By now, everyone’s read  or heard about the latest round of layoffs Barnes & Noble is instituting. Following the “how to slit your own business throat in one easy lesson” plan, it is laying off head cashiers, digital leads and others in their stores who are 1) full-time employees and 2) have the experience and knowledge that helps a store run smoothly. The company says it will save them tens of millions of dollars a year. Which it might, on a protected profit and loss sheet. What those projections don’t show are the number of customers and individual transactions that will be lost because customers can’t get help when needed, can’t get their questions answered and can’t find the books they want because they haven’t been unloaded from their boxes yet.

We’ve heard from BN about the layoffs. Let’s see what some of their employees have to say about it all:

And isn’t this part of everyone’s concern? The remaining employees have just seen a huge round of layoffs and wonder if they’re going to be next. Moreover, they don’t have the experience to do the jobs of those let go. Is it any wonder they are feeling worried and depressed about their work situation?

How? Just how do you let go that sort of experience in a store when you know the entire franchise is struggling? How do you do it across the franchise?

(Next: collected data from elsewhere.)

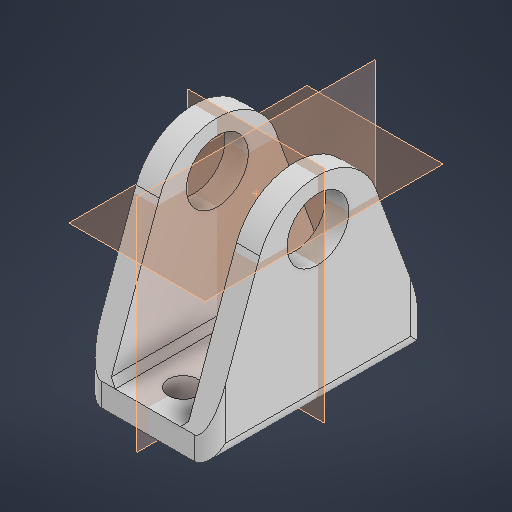
# Autodesk Inventor part: 0.5 in Rod End Bracket (Rough)
Saved by Autodesk Inventor 2026.1 (Build 301233000, 233)
## iProperties
Created: 2026-06-16
Part Number: 0.5 in Rod End Bracket (Rough)
Material: Generic
Document SubType Name: Sheet Metal
Designer: share
Density: 1 g/cm^3
Sheet Metal Rule: Default
Appearance: Default
Author: share
Autodesk Inventor part; units mm, degrees
sketch "Sketch1" plane through (0, 0, 0) normal (0, 1, 0) x (-1, 0, 0)
  line L0 (7.9375, 22.225) -> (-7.9375, 22.225)
  line L1 (-7.9375, 22.225) -> (-7.9375, -22.225)
  line L2 (-7.9375, -22.225) -> (7.9375, -22.225)
  line L3 (7.9375, -22.225) -> (7.9375, 22.225)
  line L4 (7.9375, 22.225) -> (-7.9375, -22.225) construction
  line L5 (-7.9375, 22.225) -> (7.9375, -22.225) construction
  point P0 (0, 0)
  point P1 (-50.8, 0)
  dimension "d0" = 15.875
  dimension "d1" = 44.45
  constraints: 12 end point, 2 midpoint, 2 parallel, 1 horizontal, 1 perpendicular
  measures "d0" distance between parallel lines of L1 L3
  measures "d1" distance between parallel lines of L2 L0
extrude "Base" add sketch "Sketch1" along normal blind 4.7625
sketch "Sketch2" plane through (7.9375, 0, 22.225) normal (1, 0, 0) x (0, 0, -1)
  line L0 (0, 0) -> (0, 4.7625) projected
  line L1 (0, 4.7625) -> (10.2968, 32.9347)
  line L2 (0, 4.7625) -> (44.45, 4.7625) projected
  line L3 (34.1532, 32.9347) -> (44.45, 4.7625)
  line L4 (0, 0) -> (44.45, 0) projected
  arc A0 (34.1532, 32.9347) -> (10.2968, 32.9347) centre (22.225, 28.575) ccw
  line L5 (0, 0) -> (44.45, 0) projected
  line L6 (44.45, 0) -> (44.45, 4.7625) projected
  line L7 (0, 4.7625) -> (44.45, 4.7625) projected
  line L8 (0, 0) -> (0, 4.7625) projected
  point P0 (22.225, 0)
  point P1 (22.225, 41.275)
  dimension "d10" = 12.7
  dimension "d12" = 41.275
  constraints: 4 end point, 3 point on circle, 2 tangent, 1 centre point, 1 equal length
  measures "d10" radius of A0
  measures "d12" distance from line of L4 point (22.225, 41.275)
extrude "Vertical 1" add sketch "Sketch2" along normal blind 4.7625
sketch "Sketch5" plane through (-7.9375, 0, -22.225) normal (-1, 0, 0) x (0, 0, 1)
  line L0 (44.45, 4.7625) -> (44.45, 0) projected
  line L1 (44.45, 0) -> (0, 0) projected
  line L2 (0, 0) -> (0, 4.7625) projected
  line L3 (0, 4.7625) -> (10.2968, 32.9347) projected
  arc A0 (34.1532, 32.9347) -> (10.2968, 32.9347) centre (22.225, 28.575) ccw projected
  line L4 (34.1532, 32.9347) -> (44.45, 4.7625) projected
extrude "Vertical 2" add sketch "Sketch5" along normal blind 4.7625
sketch "Sketch6" plane through (12.7, 0, 22.225) normal (1, 0, 0) x (0, 0, -1)
  line L0 (22.225, 0) -> (22.225, 41.275) construction
  arc A0 (34.1532, 32.9347) -> (10.2968, 32.9347) centre (22.225, 28.575) ccw projected
  circle A1 centre (22.225, 31.75) radius 6.35
  dimension "d29" = 12.7
  dimension "d30" = 9.525
  constraints: 2 end point, 2 point on circle, 1 centre point, 1 point on line, 1 vertical
  measures "d29" diameter of A1
  measures "d30" distance of A1.centre point (22.225, 41.275)
extrude "Extrusion8" cut sketch "Sketch6" against normal through all
fillet "Fillet2" radius 3.175 6 edges at (-12.7, 0, 0) (-12.7, 2.3813, -22.225) (12.7, 2.3813, -22.225) (12.7, 2.3813, 22.225) (12.7, 0, 0) (-12.7, 2.3813, 22.225)
chamfer "Chamfer2" distance 1.27 angle 45 2 edges at (-7.9375, 4.7625, 0) (7.9375, 4.7625, 0)
ref_plane "Work Plane2" through (0, 31.75, 0) normal (0, 1, 0) x (-1, 0, 0)
sketch "Sketch7" plane through (0, 4.7625, 0) normal (0, 1, 0) x (1, 0, 0)
  line L0 (0, 31.115) -> (0, -31.115) construction
  line L1 (17.78, 0) -> (-17.78, 0) construction
  point P0 (0, 0)
  point P1 (0, -15)
  point P2 (0, 15)
  dimension "d37" = 30
  constraints: 2 point on line, 1 symmetric about line
  measures "d37" distance of point (0, 15) point (0, -15)
hole "Hole1" at (0, 4.7625, 15) at (0, 4.7625, -15) direction (0, -1, 0) diameter 6 end through all
ref_plane "Work Plane1" through (0, 0, 22.225) normal (-1, 0, 0) x (0, 0, 1)
equation "\"d43\" = Thickness"
equation "\"BendRadius\" = Thickness"
equation "\"BendReliefWidth\" = Thickness"
equation "\"BendReliefDepth\" = 0.5 * Thickness"
equation "\"CornerReliefSize\" = 4 * Thickness"
equation "\"MinimumRemnant\" = 2 * Thickness"
equation "\"TransitionRadius\" = BendRadius"
equation "\"JacobiRadiusSize\" = BendRadius"
equation "\"GapSize\" = Thickness"
equation "\"Thickness\" = 3.048"
body "Solid2"

I am staggered at the number of people let go in just this one position. I would dearly love to see the list of ages. Could there be a possible age discrimination suit in the making against BN?

If true, that not only adds insult to injury, but it will help cement in everyone’s minds just how little BN cares about its employees or their families.

All I can say is everyone with any connection to BN, whether as an employee, retiree or an author using its self-publishing platform, needs to keep a close eye on what happens next. If it keeps acting like this, the company won’t be long for the world.



    1. I know and yet a part of me is sitting back and saying “I told you so”. I’ve been saying for years that BN needed to make some drastic changes in its corporate culture and business plan or it wouldn’t survive. They seem dedicated to proving me right.

  1. B&N – not only screwing over indy writers, now they’re screwing over their employees. Soon to be screwing over their customers. And when they screw over their shareholders, that will complete the hat-trick.

    1. I don’t think this is going to screw over indie authors. If B&N (a big holdout against indies) goes belly-up, indie authors suddenly have a lot more power in the publishing world.

      1. Actually, in some ways they do. They’ve made it almost impossible to get indie books into the stores or to hold author events there. I gave up on them when their interface for uploading books failed more often than it worked. Shrug.

        1. Oh no, I didn’t mean in the past sense. B&N has completely screwed indies in the past and, like publishers, tried to keep them out of things. But their going under will, in turn, be good for indies, I think, as one of the largest anti-indie presences will be gone.

      2. Perhaps they wouldn’t be in the parlous condition their condition is in, if they had been more welcoming to local indy authors, instead of routinely treating them as if they smelled bad.
        B&N were just f&*king impossible to deal with, from the beginnings of indy. Although there were some stores, in some regions, usually those blessed with a manager who could, you know, look at the book scene and figure out that indy authors with a local appeal might just be a draw for the store.
        Sigh. The trouble is that the other big-box outlets like Hastings and Borders, who were perfectly helpful and supportive about indy authors … well, where are they now?
        Independent book stores – mixed bag. Half-Price Books – again, a mixed bag.
        The chief of the regional author org that I belong to is working very hard, trying to make it easier for local indy authors and publishers to deal with big retail chains – in fact, getting them to change their means of dealing with publishers who are not any of the Big Five. We indies might get something out of it or not.
        At the very least, when B&N goes belly-up, the deals for books and shop furnishings will be awesome!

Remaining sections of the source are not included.